> **EXERCISE DIRECTIONS**: How many of the lines below have the word "message" in them? The answer is that number and nothing more.

[[ DATA open ]]

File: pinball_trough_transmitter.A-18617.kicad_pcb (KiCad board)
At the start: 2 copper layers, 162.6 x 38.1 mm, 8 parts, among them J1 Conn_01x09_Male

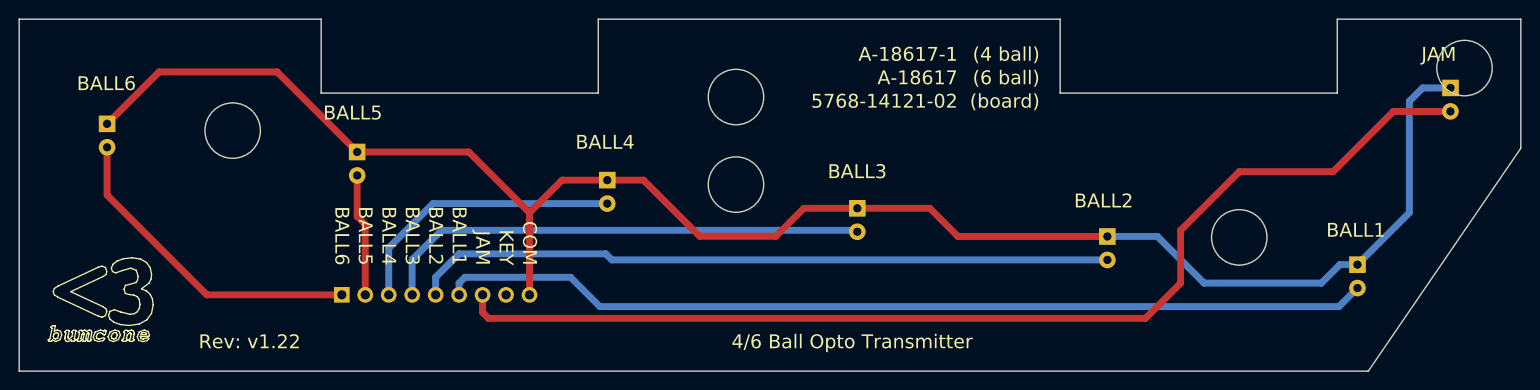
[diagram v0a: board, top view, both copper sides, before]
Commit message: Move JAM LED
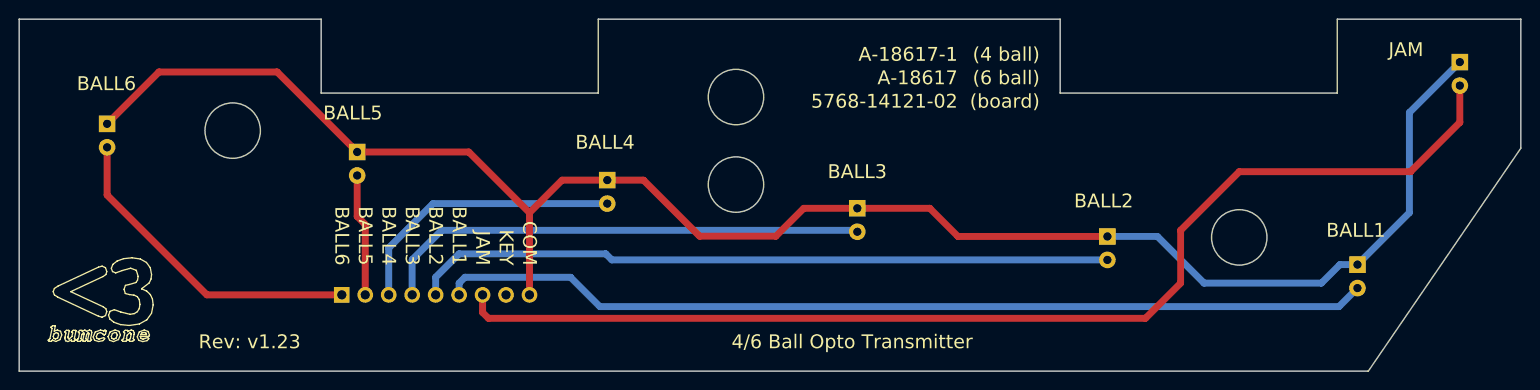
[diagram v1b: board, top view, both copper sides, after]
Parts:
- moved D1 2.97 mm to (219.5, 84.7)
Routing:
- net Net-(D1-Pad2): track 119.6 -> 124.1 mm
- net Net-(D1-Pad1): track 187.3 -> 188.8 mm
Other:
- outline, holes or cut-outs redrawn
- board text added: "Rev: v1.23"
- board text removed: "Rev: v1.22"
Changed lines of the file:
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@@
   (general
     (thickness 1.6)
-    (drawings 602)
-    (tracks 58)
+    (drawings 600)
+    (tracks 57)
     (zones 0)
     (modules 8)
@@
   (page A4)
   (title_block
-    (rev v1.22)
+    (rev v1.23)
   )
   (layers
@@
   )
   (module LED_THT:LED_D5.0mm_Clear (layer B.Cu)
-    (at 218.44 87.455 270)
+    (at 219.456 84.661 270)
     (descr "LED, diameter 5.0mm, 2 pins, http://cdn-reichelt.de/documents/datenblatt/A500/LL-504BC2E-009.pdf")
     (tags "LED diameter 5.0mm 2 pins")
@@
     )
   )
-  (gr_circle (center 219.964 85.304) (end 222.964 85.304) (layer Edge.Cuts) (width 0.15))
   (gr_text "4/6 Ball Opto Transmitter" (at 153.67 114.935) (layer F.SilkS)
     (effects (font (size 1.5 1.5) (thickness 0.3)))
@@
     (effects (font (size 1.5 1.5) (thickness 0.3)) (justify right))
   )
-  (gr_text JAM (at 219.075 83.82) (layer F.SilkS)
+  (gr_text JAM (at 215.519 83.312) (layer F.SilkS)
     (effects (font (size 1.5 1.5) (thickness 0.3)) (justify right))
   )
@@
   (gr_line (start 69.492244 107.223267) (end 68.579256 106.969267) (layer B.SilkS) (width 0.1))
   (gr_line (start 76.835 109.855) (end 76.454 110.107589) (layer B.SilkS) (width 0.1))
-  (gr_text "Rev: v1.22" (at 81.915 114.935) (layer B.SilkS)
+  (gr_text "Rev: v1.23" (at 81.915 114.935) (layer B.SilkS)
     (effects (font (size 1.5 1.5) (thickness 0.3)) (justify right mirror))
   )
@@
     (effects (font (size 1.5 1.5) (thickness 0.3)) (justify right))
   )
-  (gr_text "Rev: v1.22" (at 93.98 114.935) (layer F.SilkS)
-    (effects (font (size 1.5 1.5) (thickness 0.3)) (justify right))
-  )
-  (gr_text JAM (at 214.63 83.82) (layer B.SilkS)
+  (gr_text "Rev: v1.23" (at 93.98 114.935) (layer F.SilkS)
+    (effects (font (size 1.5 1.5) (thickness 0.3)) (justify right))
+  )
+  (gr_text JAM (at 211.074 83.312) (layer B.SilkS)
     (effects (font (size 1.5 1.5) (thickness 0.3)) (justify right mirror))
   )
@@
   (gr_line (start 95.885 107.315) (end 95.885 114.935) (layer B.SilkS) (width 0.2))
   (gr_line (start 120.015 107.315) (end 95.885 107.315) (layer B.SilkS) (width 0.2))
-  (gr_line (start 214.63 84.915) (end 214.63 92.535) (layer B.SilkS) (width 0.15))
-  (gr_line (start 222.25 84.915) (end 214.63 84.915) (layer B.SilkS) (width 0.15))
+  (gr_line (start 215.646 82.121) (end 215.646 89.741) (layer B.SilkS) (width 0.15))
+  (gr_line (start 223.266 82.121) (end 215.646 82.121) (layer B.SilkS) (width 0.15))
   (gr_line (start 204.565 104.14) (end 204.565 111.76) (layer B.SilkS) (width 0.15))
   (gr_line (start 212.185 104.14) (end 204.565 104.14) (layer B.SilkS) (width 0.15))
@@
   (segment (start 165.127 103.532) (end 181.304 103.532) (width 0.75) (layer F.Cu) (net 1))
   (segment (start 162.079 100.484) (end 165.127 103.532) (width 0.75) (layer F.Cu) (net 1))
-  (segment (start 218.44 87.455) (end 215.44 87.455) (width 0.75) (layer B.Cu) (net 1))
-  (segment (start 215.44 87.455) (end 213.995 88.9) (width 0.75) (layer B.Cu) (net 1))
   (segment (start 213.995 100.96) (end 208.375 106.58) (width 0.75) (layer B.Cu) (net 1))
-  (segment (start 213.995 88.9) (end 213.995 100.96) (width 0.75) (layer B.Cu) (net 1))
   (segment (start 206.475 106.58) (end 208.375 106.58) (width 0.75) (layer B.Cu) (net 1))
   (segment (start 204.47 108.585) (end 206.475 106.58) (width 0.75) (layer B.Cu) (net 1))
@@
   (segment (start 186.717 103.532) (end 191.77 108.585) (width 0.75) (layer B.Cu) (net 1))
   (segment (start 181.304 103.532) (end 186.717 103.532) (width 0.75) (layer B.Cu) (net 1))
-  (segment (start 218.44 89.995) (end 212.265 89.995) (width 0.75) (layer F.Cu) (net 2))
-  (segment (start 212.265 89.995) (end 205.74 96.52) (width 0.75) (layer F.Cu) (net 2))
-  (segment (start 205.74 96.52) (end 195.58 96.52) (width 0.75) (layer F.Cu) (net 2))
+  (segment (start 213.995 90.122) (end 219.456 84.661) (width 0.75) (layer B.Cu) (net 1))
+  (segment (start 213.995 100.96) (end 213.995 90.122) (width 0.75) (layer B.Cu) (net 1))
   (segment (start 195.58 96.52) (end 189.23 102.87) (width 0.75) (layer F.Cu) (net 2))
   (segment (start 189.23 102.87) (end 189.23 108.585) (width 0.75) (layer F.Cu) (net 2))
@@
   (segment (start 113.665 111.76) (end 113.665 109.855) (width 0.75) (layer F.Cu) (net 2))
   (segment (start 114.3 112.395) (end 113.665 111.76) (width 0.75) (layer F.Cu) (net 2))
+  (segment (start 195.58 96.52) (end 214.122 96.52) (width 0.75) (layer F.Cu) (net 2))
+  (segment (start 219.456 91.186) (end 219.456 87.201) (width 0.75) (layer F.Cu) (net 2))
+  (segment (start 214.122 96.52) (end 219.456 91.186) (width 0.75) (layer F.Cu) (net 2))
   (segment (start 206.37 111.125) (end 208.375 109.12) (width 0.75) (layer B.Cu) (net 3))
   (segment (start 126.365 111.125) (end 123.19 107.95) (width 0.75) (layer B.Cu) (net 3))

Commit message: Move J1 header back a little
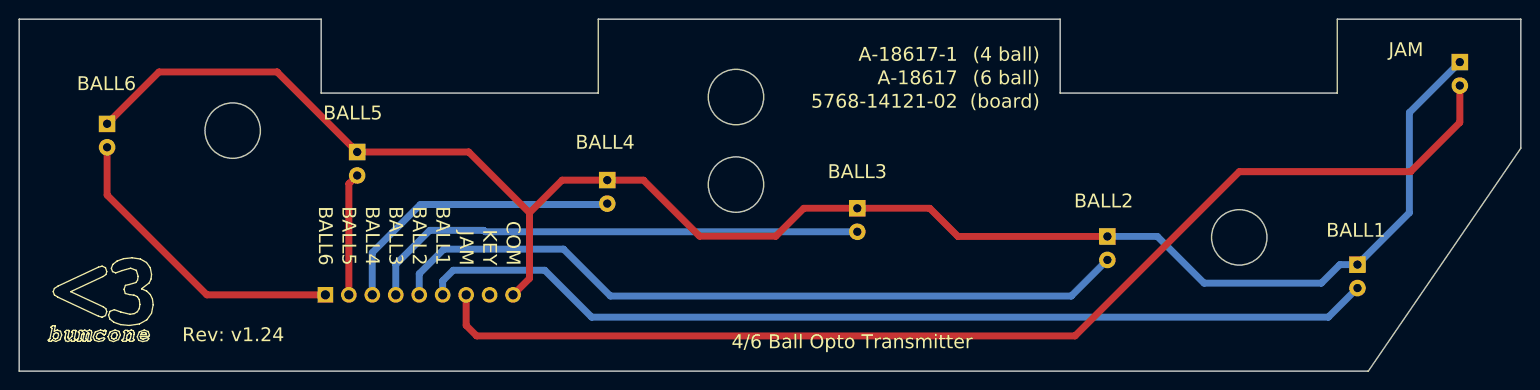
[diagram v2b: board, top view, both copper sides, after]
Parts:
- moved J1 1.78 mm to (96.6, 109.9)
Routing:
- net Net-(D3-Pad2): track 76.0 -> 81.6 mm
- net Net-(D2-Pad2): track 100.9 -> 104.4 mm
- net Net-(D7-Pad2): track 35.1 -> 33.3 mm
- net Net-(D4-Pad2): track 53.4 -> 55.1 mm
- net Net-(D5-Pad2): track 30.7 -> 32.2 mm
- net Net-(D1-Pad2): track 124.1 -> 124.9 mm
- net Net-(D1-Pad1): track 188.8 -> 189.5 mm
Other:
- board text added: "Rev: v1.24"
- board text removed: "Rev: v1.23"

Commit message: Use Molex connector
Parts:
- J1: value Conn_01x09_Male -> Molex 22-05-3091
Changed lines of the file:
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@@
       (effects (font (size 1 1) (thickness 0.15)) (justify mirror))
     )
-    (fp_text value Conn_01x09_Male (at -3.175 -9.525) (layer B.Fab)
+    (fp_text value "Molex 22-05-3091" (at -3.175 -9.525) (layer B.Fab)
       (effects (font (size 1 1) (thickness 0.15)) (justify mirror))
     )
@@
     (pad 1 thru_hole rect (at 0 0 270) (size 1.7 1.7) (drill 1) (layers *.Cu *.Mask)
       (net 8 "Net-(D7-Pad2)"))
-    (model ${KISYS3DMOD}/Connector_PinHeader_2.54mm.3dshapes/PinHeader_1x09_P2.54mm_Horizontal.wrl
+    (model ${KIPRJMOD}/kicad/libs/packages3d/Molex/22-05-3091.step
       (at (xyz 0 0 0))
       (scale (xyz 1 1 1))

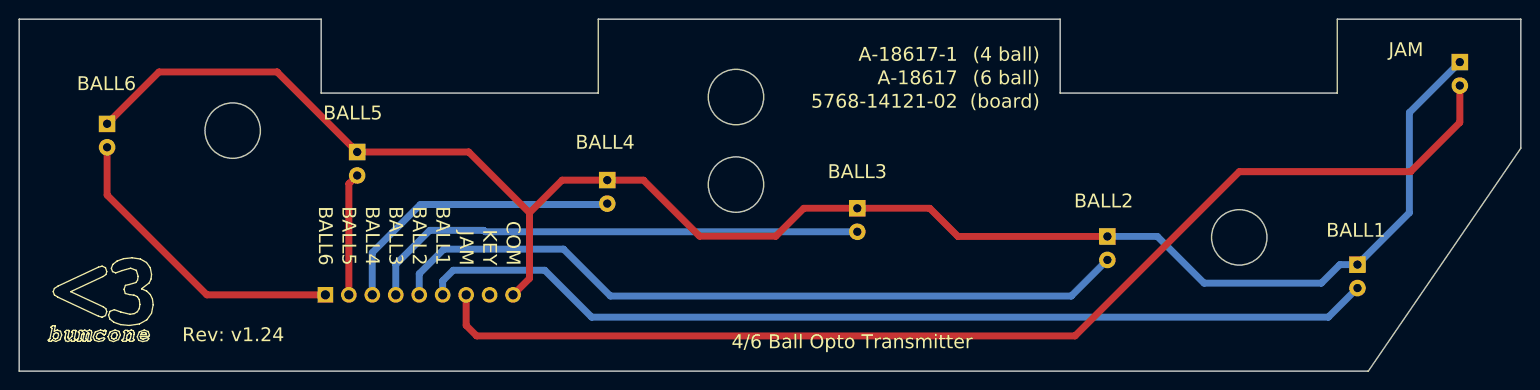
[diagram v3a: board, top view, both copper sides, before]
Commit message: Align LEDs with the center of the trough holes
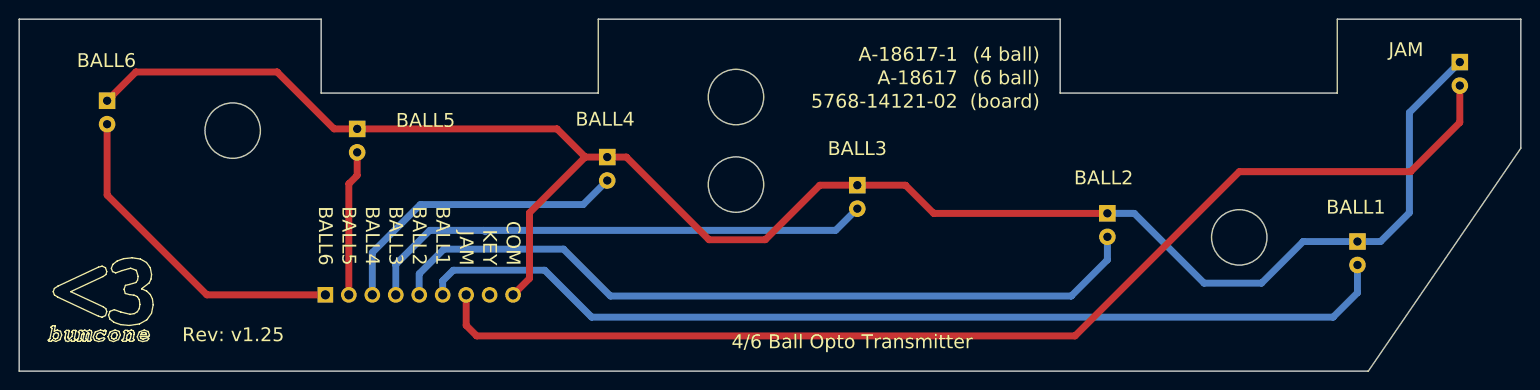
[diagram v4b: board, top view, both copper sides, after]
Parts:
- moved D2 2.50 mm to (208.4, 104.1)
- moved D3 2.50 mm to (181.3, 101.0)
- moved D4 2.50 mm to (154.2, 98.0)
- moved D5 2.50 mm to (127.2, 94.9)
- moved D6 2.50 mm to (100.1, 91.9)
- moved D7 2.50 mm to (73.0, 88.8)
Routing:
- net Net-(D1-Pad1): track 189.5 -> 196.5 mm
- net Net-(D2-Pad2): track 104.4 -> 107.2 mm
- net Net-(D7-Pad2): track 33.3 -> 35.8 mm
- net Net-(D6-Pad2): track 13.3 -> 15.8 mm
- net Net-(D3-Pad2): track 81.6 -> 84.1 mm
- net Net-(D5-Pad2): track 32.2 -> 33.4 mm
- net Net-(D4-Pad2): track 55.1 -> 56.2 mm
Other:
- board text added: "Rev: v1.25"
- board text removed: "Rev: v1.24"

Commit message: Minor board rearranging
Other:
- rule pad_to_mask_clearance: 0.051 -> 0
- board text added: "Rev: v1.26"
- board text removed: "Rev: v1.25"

[[ DATA closed ]]

> **RESPONSE TO THIS EXERCISE**: 5